# [PROVIDED RECORDS]
......

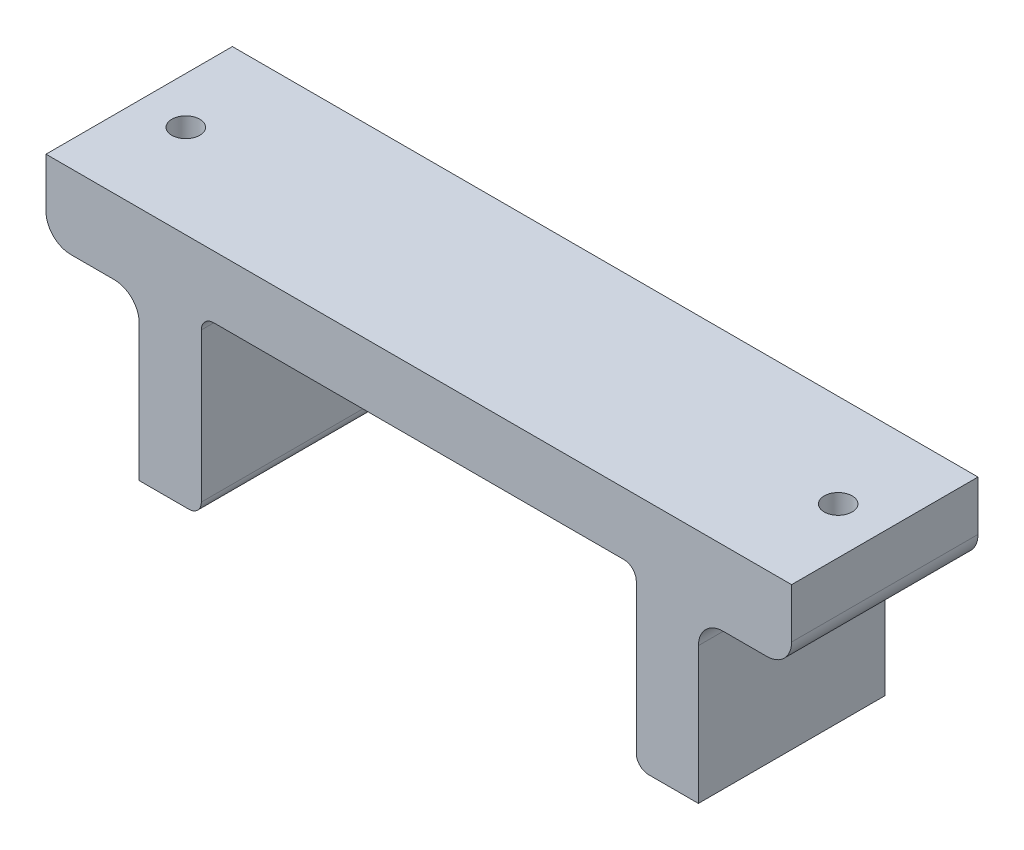
SolidWorks part; units mm, degrees
ref_plane "Front Plane" through (0, 0, 0) normal (0, 0, 1) x (1, 0, 0)
ref_plane "Top Plane" through (0, 0, 0) normal (0, 1, 0) x (1, 0, 0)
ref_plane "Right Plane" through (0, 0, 0) normal (1, 0, 0) x (0, 0, -1)
sketch "Sketch1" plane through (0, 0, 0) normal (0, 0, 1) x (1, 0, 0)
  line L2 (-35, -12) -> (-35, 12)
  line L3 (-33, 14) -> (33, 14)
  line L4 (35, -12) -> (35, 12)
  line L5 (-35, -14) -> (35, 14) construction
  line L6 (-35, 14) -> (35, -14) construction
  line L7 (45, -14) -> (45, 8)
  line L8 (-33, 24) -> (33, 24)
  line L9 (-45, -14) -> (-45, 8)
  line L10 (-33, 24) -> (-60, 24)
  line L11 (-60, 24) -> (-60, 16)
  line L12 (-56, 12) -> (-49, 12)
  line L13 (33, 24) -> (60, 24)
  line L14 (60, 24) -> (60, 16)
  line L15 (56, 12) -> (49, 12)
  line L16 (45, -12) -> (45, 12) construction
  line L17 (-45, -12) -> (-45, 12) construction
  line L18 (35, -12) -> (35, 12) construction
  line L24 (-35, -12) -> (-35, 12) construction
  line L25 (-33, -14) -> (33, -14) construction
  line L26 (-33, -24) -> (33, -24) construction
  line L27 (-37, -14) -> (-45, -14)
  line L28 (37, -14) -> (45, -14)
  arc A2 (33, 14) -> (35, 12) centre (33, 12) cw
  arc A3 (-35, 12) -> (-33, 14) centre (-33, 12) cw
  arc A8 (-45, 12) -> (-33, 24) centre (-33, 12) cw construction
  arc A9 (33, 24) -> (45, 12) centre (33, 12) cw construction
  arc A10 (60, 16) -> (56, 12) centre (56, 16) cw
  arc A11 (45, 8) -> (49, 12) centre (49, 8) cw
  arc A12 (-49, 12) -> (-45, 8) centre (-49, 8) cw
  arc A13 (-60, 16) -> (-56, 12) centre (-56, 16) ccw
  arc A16 (-33, -14) -> (-35, -12) centre (-33, -12) cw construction
  arc A17 (33, -14) -> (35, -12) centre (33, -12) ccw construction
  arc A18 (33, -24) -> (45, -12) centre (33, -12) ccw construction
  arc A19 (-33, -24) -> (-45, -12) centre (-33, -12) cw construction
  arc A20 (35, -12) -> (37, -14) centre (37, -12) ccw
  arc A21 (-35, -12) -> (-37, -14) centre (-37, -12) cw
  point P0 (0, 0)
  dimension "D3" = 2
  dimension "D7" = 4
  dimension "D1" = 70
  dimension "D2" = 28
  dimension "D5" = 15
  dimension "D6" = 15
  dimension "D4" = 10
extrude "Boss-Extrude1" add sketch "Sketch1" along normal blind 30
sketch "Sketch2" plane through (0, 12, 0) normal (0, -1, 0) x (1, 0, 0)
  line L0 (-52.5, 29) -> (-52.5, 1) construction
  line L3 (52.5, 29) -> (52.5, 1) construction
  circle A0 centre (-52.5, 15) radius 5
  circle A1 centre (52.5, 15) radius 5
  point P4 (0, 0)
  point P5 (0, 0)
  point P6 (0, 0)
  point P9 (-52.5, 15)
  point P17 (0, 0)
  dimension "D1" = 10
extrude "Cut-Extrude1" cut sketch "Sketch2" against normal blind 4 and the other way through all
sketch "Sketch3" plane through (0, 16, 0) normal (0, -1, 0) x (1, 0, 0)
  circle A0 centre (-52.5, 15) radius 2.25
  circle A1 centre (52.5, 15) radius 2.25
  dimension "D1" = 4.5
extrude "Cut-Extrude2" cut sketch "Sketch3" against normal through all
chamfer "Chamfer1" distance 1.5 angle 45 2 edges at (-50.25, 16, 15) (54.75, 16, 15)
sketch "Sketch4" plane through (0, -14, 0) normal (0, -1, 0) x (1, 0, 0)
  line L0 (-45, 15) -> (45, 15) construction
  line L1 (-45, 30) -> (-45, 0) construction
  line L2 (45, 30) -> (45, 0) construction
  circle A0 centre (-40, 15) radius 1.355
  circle A1 centre (40, 15) radius 1.355
  point P10 (0, 0)
  point P11 (0, 0)
  dimension "D1" = 2.71
  dimension "D2" = 5
  dimension "D3" = 5
extrude "Cut-Extrude3" cut sketch "Sketch4" against normal blind 10

......

# [WHAT TO PRODUCE]
Nothing but an exact copy of the data, without pictures, should be returned.

# [OUTPUT FOR THIS EXERCISE]
SolidWorks part; units mm, degrees
ref_plane "Front Plane" through (0, 0, 0) normal (0, 0, 1) x (1, 0, 0)
ref_plane "Top Plane" through (0, 0, 0) normal (0, 1, 0) x (1, 0, 0)
ref_plane "Right Plane" through (0, 0, 0) normal (1, 0, 0) x (0, 0, -1)
sketch "Sketch1" plane through (0, 0, 0) normal (0, 0, 1) x (1, 0, 0)
  line L2 (-35, -12) -> (-35, 12)
  line L3 (-33, 14) -> (33, 14)
  line L4 (35, -12) -> (35, 12)
  line L5 (-35, -14) -> (35, 14) construction
  line L6 (-35, 14) -> (35, -14) construction
  line L7 (45, -14) -> (45, 8)
  line L8 (-33, 24) -> (33, 24)
  line L9 (-45, -14) -> (-45, 8)
  line L10 (-33, 24) -> (-60, 24)
  line L11 (-60, 24) -> (-60, 16)
  line L12 (-56, 12) -> (-49, 12)
  line L13 (33, 24) -> (60, 24)
  line L14 (60, 24) -> (60, 16)
  line L15 (56, 12) -> (49, 12)
  line L16 (45, -12) -> (45, 12) construction
  line L17 (-45, -12) -> (-45, 12) construction
  line L18 (35, -12) -> (35, 12) construction
  line L24 (-35, -12) -> (-35, 12) construction
  line L25 (-33, -14) -> (33, -14) construction
  line L26 (-33, -24) -> (33, -24) construction
  line L27 (-37, -14) -> (-45, -14)
  line L28 (37, -14) -> (45, -14)
  arc A2 (33, 14) -> (35, 12) centre (33, 12) cw
  arc A3 (-35, 12) -> (-33, 14) centre (-33, 12) cw
  arc A8 (-45, 12) -> (-33, 24) centre (-33, 12) cw construction
  arc A9 (33, 24) -> (45, 12) centre (33, 12) cw construction
  arc A10 (60, 16) -> (56, 12) centre (56, 16) cw
  arc A11 (45, 8) -> (49, 12) centre (49, 8) cw
  arc A12 (-49, 12) -> (-45, 8) centre (-49, 8) cw
  arc A13 (-60, 16) -> (-56, 12) centre (-56, 16) ccw
  arc A16 (-33, -14) -> (-35, -12) centre (-33, -12) cw construction
  arc A17 (33, -14) -> (35, -12) centre (33, -12) ccw construction
  arc A18 (33, -24) -> (45, -12) centre (33, -12) ccw construction
  arc A19 (-33, -24) -> (-45, -12) centre (-33, -12) cw construction
  arc A20 (35, -12) -> (37, -14) centre (37, -12) ccw
  arc A21 (-35, -12) -> (-37, -14) centre (-37, -12) cw
  point P0 (0, 0)
  dimension "D3" = 2
  dimension "D7" = 4
  dimension "D1" = 70
  dimension "D2" = 28
  dimension "D5" = 15
  dimension "D6" = 15
  dimension "D4" = 10
extrude "Boss-Extrude1" add sketch "Sketch1" along normal blind 30
sketch "Sketch2" plane through (0, 12, 0) normal (0, -1, 0) x (1, 0, 0)
  line L0 (-52.5, 29) -> (-52.5, 1) construction
  line L3 (52.5, 29) -> (52.5, 1) construction
  circle A0 centre (-52.5, 15) radius 5
  circle A1 centre (52.5, 15) radius 5
  point P4 (0, 0)
  point P5 (0, 0)
  point P6 (0, 0)
  point P9 (-52.5, 15)
  point P17 (0, 0)
  dimension "D1" = 10
extrude "Cut-Extrude1" cut sketch "Sketch2" against normal blind 4 and the other way through all
sketch "Sketch3" plane through (0, 16, 0) normal (0, -1, 0) x (1, 0, 0)
  circle A0 centre (-52.5, 15) radius 2.25
  circle A1 centre (52.5, 15) radius 2.25
  dimension "D1" = 4.5
extrude "Cut-Extrude2" cut sketch "Sketch3" against normal through all
chamfer "Chamfer1" distance 1.5 angle 45 2 edges at (-50.25, 16, 15) (54.75, 16, 15)
sketch "Sketch4" plane through (0, -14, 0) normal (0, -1, 0) x (1, 0, 0)
  line L0 (-45, 15) -> (45, 15) construction
  line L1 (-45, 30) -> (-45, 0) construction
  line L2 (45, 30) -> (45, 0) construction
  circle A0 centre (-40, 15) radius 1.355
  circle A1 centre (40, 15) radius 1.355
  point P10 (0, 0)
  point P11 (0, 0)
  dimension "D1" = 2.71
  dimension "D2" = 5
  dimension "D3" = 5
extrude "Cut-Extrude3" cut sketch "Sketch4" against normal blind 10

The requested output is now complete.